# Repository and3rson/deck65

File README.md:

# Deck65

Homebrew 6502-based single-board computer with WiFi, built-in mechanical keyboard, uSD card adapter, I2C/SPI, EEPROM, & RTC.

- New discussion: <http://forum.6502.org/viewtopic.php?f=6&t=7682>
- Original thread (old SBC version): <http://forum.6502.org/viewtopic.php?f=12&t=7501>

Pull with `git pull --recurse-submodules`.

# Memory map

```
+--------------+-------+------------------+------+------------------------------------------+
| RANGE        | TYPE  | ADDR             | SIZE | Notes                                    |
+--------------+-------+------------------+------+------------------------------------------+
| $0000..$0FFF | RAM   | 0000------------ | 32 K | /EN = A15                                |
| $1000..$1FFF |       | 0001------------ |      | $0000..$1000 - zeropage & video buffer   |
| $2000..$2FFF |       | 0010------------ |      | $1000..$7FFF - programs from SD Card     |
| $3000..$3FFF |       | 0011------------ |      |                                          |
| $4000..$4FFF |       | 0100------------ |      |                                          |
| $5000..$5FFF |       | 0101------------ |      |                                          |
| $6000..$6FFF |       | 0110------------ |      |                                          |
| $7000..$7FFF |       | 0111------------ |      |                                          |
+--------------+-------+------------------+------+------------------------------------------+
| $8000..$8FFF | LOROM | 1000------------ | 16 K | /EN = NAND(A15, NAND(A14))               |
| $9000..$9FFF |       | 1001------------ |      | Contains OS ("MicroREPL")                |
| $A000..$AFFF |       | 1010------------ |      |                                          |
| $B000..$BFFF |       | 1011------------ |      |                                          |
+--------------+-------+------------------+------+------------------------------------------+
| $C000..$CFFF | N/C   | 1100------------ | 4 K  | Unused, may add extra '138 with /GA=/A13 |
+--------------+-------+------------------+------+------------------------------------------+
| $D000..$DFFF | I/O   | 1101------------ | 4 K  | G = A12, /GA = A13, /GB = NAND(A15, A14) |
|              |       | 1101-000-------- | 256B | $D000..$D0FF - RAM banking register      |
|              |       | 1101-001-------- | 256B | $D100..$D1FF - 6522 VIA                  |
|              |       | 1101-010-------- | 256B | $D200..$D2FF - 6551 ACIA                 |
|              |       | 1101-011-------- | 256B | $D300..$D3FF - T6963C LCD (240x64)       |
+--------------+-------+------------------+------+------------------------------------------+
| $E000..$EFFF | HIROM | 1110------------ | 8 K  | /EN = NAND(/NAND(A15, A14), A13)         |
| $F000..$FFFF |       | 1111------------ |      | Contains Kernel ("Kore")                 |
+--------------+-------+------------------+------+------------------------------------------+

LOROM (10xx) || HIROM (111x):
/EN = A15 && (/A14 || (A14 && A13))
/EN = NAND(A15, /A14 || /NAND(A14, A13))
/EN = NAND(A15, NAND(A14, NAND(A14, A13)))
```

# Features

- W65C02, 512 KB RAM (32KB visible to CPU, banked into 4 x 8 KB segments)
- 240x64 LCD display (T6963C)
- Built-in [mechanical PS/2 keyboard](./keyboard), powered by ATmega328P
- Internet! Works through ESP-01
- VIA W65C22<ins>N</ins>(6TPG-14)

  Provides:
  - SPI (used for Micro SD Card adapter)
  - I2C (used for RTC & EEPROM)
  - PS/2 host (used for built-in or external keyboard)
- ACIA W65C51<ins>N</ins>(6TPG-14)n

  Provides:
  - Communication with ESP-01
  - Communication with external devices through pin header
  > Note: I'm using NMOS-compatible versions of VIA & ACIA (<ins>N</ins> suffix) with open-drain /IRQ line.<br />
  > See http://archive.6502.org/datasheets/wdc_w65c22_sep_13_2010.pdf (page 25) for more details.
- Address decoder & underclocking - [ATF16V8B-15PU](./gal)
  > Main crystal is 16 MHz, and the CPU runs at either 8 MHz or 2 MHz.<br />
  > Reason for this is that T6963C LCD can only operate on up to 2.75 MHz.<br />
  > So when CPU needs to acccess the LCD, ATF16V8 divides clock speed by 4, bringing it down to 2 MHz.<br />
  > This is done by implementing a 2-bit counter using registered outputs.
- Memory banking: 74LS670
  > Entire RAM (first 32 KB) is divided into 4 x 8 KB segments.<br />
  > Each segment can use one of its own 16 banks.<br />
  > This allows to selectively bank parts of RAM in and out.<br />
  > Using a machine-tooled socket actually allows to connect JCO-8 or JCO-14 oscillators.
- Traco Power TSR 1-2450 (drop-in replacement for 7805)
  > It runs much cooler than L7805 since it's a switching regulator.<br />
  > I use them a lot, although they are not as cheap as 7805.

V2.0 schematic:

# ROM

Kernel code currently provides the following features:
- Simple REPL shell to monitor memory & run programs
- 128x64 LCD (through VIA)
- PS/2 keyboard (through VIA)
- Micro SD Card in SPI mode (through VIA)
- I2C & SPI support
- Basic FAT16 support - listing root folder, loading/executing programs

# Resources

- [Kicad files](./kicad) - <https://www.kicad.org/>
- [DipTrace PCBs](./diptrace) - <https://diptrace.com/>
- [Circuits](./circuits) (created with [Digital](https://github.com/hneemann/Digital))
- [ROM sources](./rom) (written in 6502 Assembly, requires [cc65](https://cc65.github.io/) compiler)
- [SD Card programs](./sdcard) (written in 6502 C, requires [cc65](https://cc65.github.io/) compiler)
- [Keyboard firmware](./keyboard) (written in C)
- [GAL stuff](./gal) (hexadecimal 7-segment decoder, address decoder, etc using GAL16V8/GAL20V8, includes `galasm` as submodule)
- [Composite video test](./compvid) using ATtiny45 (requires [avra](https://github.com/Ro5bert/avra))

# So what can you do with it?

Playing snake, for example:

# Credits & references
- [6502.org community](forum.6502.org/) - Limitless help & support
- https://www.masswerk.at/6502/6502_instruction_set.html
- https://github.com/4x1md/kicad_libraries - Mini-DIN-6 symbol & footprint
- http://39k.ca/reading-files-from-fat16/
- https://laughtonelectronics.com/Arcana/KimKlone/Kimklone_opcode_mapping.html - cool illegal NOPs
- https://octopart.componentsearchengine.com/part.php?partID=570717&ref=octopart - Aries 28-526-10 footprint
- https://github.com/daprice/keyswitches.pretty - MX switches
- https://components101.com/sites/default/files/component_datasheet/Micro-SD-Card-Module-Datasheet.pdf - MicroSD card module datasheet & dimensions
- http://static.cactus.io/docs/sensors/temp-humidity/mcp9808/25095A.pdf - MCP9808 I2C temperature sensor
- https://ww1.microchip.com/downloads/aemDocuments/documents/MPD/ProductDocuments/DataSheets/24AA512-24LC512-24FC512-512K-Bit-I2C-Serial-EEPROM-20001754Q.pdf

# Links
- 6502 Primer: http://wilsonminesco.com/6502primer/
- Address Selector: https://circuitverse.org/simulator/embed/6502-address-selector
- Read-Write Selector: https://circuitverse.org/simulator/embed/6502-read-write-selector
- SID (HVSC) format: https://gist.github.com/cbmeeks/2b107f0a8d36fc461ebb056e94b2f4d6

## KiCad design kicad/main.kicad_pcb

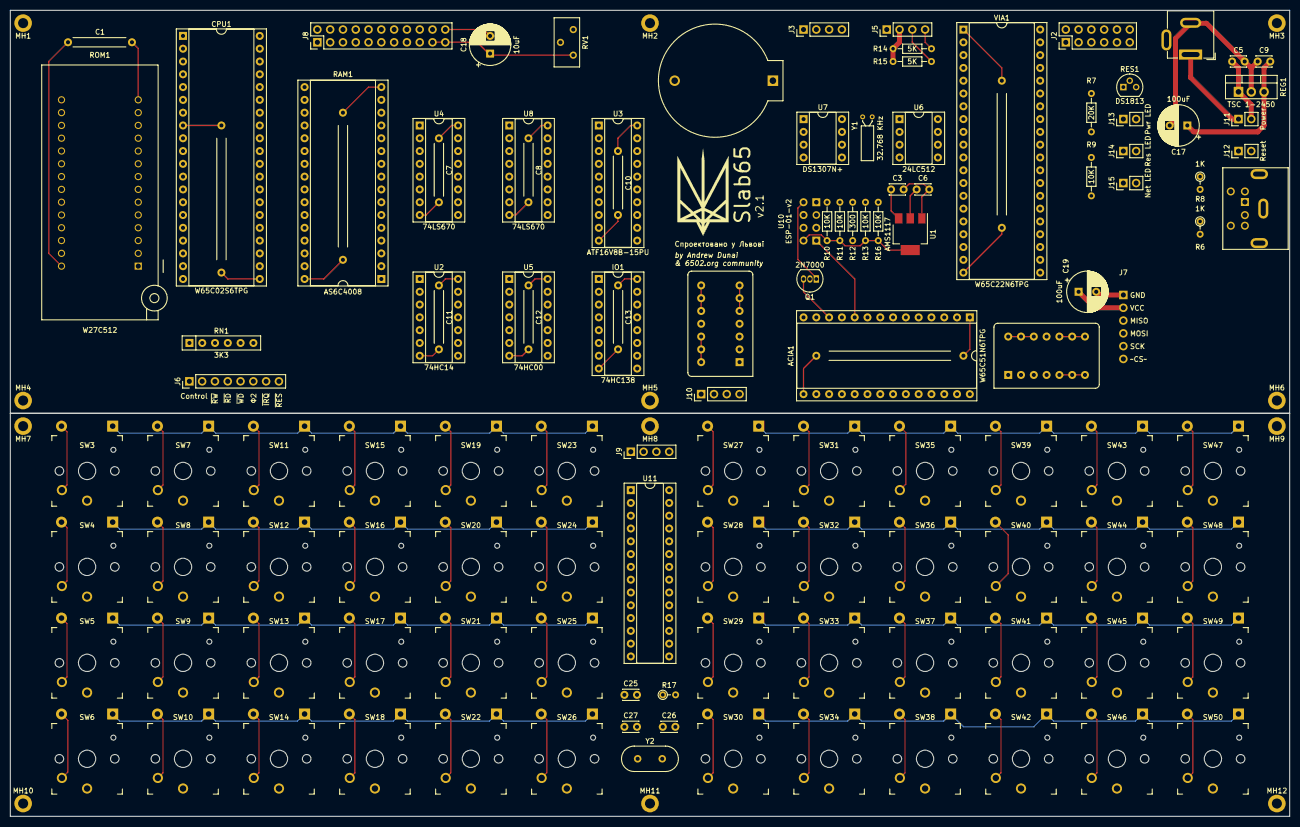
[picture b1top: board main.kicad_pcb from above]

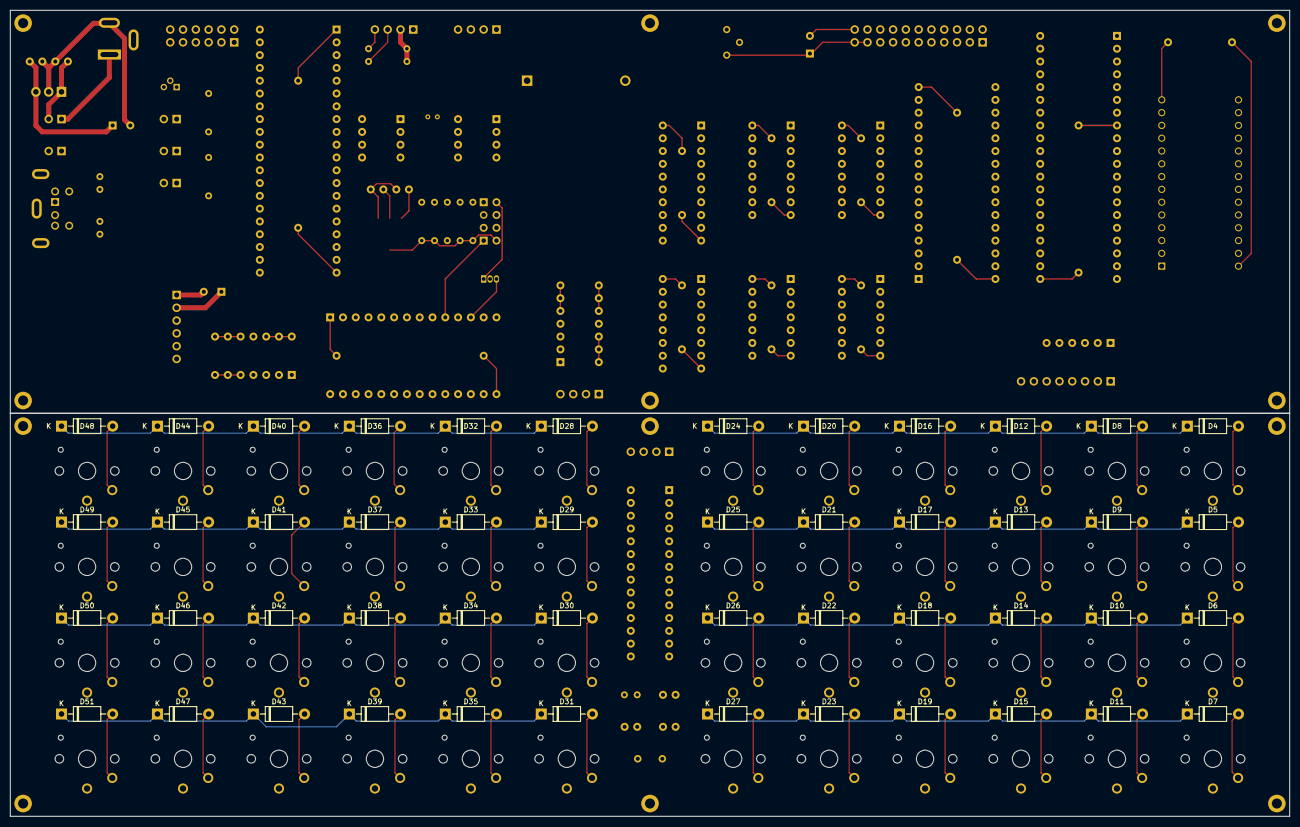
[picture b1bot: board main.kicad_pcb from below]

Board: 2 copper layers, 254.0 x 160.0 mm, 183 parts (48 on the bottom side), 164 nets.

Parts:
ACIA1: W65C51N6TPG; DIP-28_W15.24mm_Socket
BT1: CR2032; BatteryHolder_CR2032
C1, C7, C8, C10, C11, C12, C13: 0.1uF; C_Disc_Long
C2, C4, C14, C15: 0.1uF; C_Disc_VeryLong
C3, C5: 10uF; C_Disc_D3.0mm_W2.0mm_P2.50mm
C6: 22uF; C_Disc_D3.0mm_W2.0mm_P2.50mm
C9: 0.1uF; C_Disc_D3.0mm_W2.0mm_P2.50mm
C17, C19: 100uF; CP_Radial_D8.0mm_P3.50mm
C18: 10uF; CP_Radial_D8.0mm_P3.50mm
C25: 0,1uF; C_Disc_D3.0mm_W2.0mm_P2.50mm
C26, C27: 22pF; C_Disc_D3.0mm_W2.0mm_P2.50mm
CPU1: W65C02S6TPG; DIP-40_W15.24mm_Socket
D4, D5, D6, D7, D8, D9, D10, D11, D12, D13, D14, D15, D16, D17, D18, D19, D20, D21, D22, D23, D24, D25, D26, D27, D28, D29, D30, D31, D32, D33, D34, D35, D36, D37, D38, D39, D40, D41, D42, D43, D44, D45, D46, D47, D48, D49, D50, D51: 1N4001; D_DO-41_SOD81_P10.16mm_Horizontal
H1: LCD; LCD24064_silk
IO1: 74HC138; DIP-16_W7.62mm_Socket
J1: Jack-DC; BarrelJackEdge
J2: VIA_A; PinHeader_2x06_P2.54mm_Vertical
J3: UART; PinHeader_1x04_P2.54mm_Vertical
J5: I2C1; PinHeader_1x04_P2.54mm_Vertical
J6: Control; PinHeader_1x08_P2.54mm_Vertical
J7: uSD; MicroSD-Adapter
J8: LCD_Conn; PinHeader_2x11_P2.54mm_Vertical
J9, J10: Keyboard; PinHeader_1x04_P2.54mm_Vertical
J11: Power; PinHeader_1x02_P2.54mm_Vertical
J12: Reset; PinHeader_1x02_P2.54mm_Vertical
J13: Pwr LED; PinHeader_1x02_P2.54mm_Vertical
J14: Res LED; PinHeader_1x02_P2.54mm_Vertical
J15: Net LED; PinHeader_1x02_P2.54mm_Vertical
MH1, MH2, MH3, MH4, MH5, MH6, MH7, MH8, MH9, MH10, MH11, MH12: MountingHole; Hole_2x3.5
P1: Mini-DIN-6; Connector_Mini-DIN_Female_6Pin_2rows
Q1: 2N7000; TO-92_Inline
R6, R8: 1K; R_Axial_DIN0204_L3.6mm_D1.6mm_P2.54mm_Vertical
R7: 20K; R_Axial_DIN0204_L3.6mm_D1.6mm_P7.62mm_Horizontal
R9, R10, R11, R13, R16: 10K; R_Axial_DIN0204_L3.6mm_D1.6mm_P7.62mm_Horizontal
R12: 300; R_Axial_DIN0204_L3.6mm_D1.6mm_P7.62mm_Horizontal
R14, R15: 5K; R_Axial_DIN0204_L3.6mm_D1.6mm_P7.62mm_Horizontal
R17: 5K; R_Axial_DIN0204_L3.6mm_D1.6mm_P2.54mm_Vertical
RAM1: AS6C4008; DIP-32_W15.24mm_Socket
REG1: TSC 1-2450; TO-220-3_Vertical
RES1: DS1813; TO-92
RN1: 3K3; R_Array_SIP6
ROM1: W27C512; ZIF28
RV1: 10K; Potentiometer_Bourns_3296Y_Vertical
SW3, SW4, SW5, SW6, SW7, SW8, SW9, SW10, SW11, SW12, SW13, SW14, SW15, SW16, SW17, SW18, SW19, SW20, SW21, SW22, SW23, SW24, SW25, SW26, SW27, SW28, SW29, SW30, SW31, SW32, SW33, SW34, SW35, SW36, SW37, SW38, SW39, SW40, SW41, SW42, SW43, SW44, SW45, SW46, SW47, SW48, SW49, SW50: SW_Push; SW_PG1350
U1: AMS1117; SOT-223-3_TabPin2
U2: 74HC14; DIP-14_W7.62mm_Socket
U3: ATF16V8B-15PU; DIP-20_W7.62mm_Socket
U4, U8: 74LS670; DIP-16_W7.62mm_Socket
U5: 74HC00; DIP-14_W7.62mm_Socket
U6: 24LC512; DIP-8_W7.62mm_Socket
U7: DS1307N+; DIP-8_W7.62mm_Socket
U10: ESP-01-v2; ESP-01
U11: ATmega328-P; DIP-28_W7.62mm_Socket
VIA1: W65C22N6TPG; DIP-40_W15.24mm_Socket
X1: 16 MHz; Oscillator_DIP-8-14
X2: 1.8432 MHz; Oscillator_DIP-8-14
Y1: 32.768 KHz; Crystal_C26-LF_D2.1mm_L6.5mm_Horizontal
Y2: Crystal; Crystal_HC49-U_Vertical

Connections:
+3.3V: C6.1, Q1.2 (G), R10.2, R11.2, R13.2, R16.2, U1.2 (VO), U10.8 (VCC)
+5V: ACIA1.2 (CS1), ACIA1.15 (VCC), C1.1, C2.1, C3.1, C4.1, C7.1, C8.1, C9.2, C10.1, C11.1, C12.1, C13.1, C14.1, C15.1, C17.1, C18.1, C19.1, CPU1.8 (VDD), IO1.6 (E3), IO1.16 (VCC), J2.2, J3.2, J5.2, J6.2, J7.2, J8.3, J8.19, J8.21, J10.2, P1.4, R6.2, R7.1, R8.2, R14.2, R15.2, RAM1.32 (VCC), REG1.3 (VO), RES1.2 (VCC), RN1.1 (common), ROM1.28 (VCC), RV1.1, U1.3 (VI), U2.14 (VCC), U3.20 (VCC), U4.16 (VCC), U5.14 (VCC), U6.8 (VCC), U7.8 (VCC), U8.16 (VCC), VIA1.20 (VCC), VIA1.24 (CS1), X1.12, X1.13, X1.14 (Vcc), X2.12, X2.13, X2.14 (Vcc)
————————
Work to complete:
Scan the listing and report each line where the word "from" shows up.

Task solution:
| $2000..$2FFF |       | 0010------------ |      | $1000..$7FFF - programs from SD Card     |
- http://39k.ca/reading-files-from-fat16/
[picture b1top: board main.kicad_pcb from above]
[picture b1bot: board main.kicad_pcb from below]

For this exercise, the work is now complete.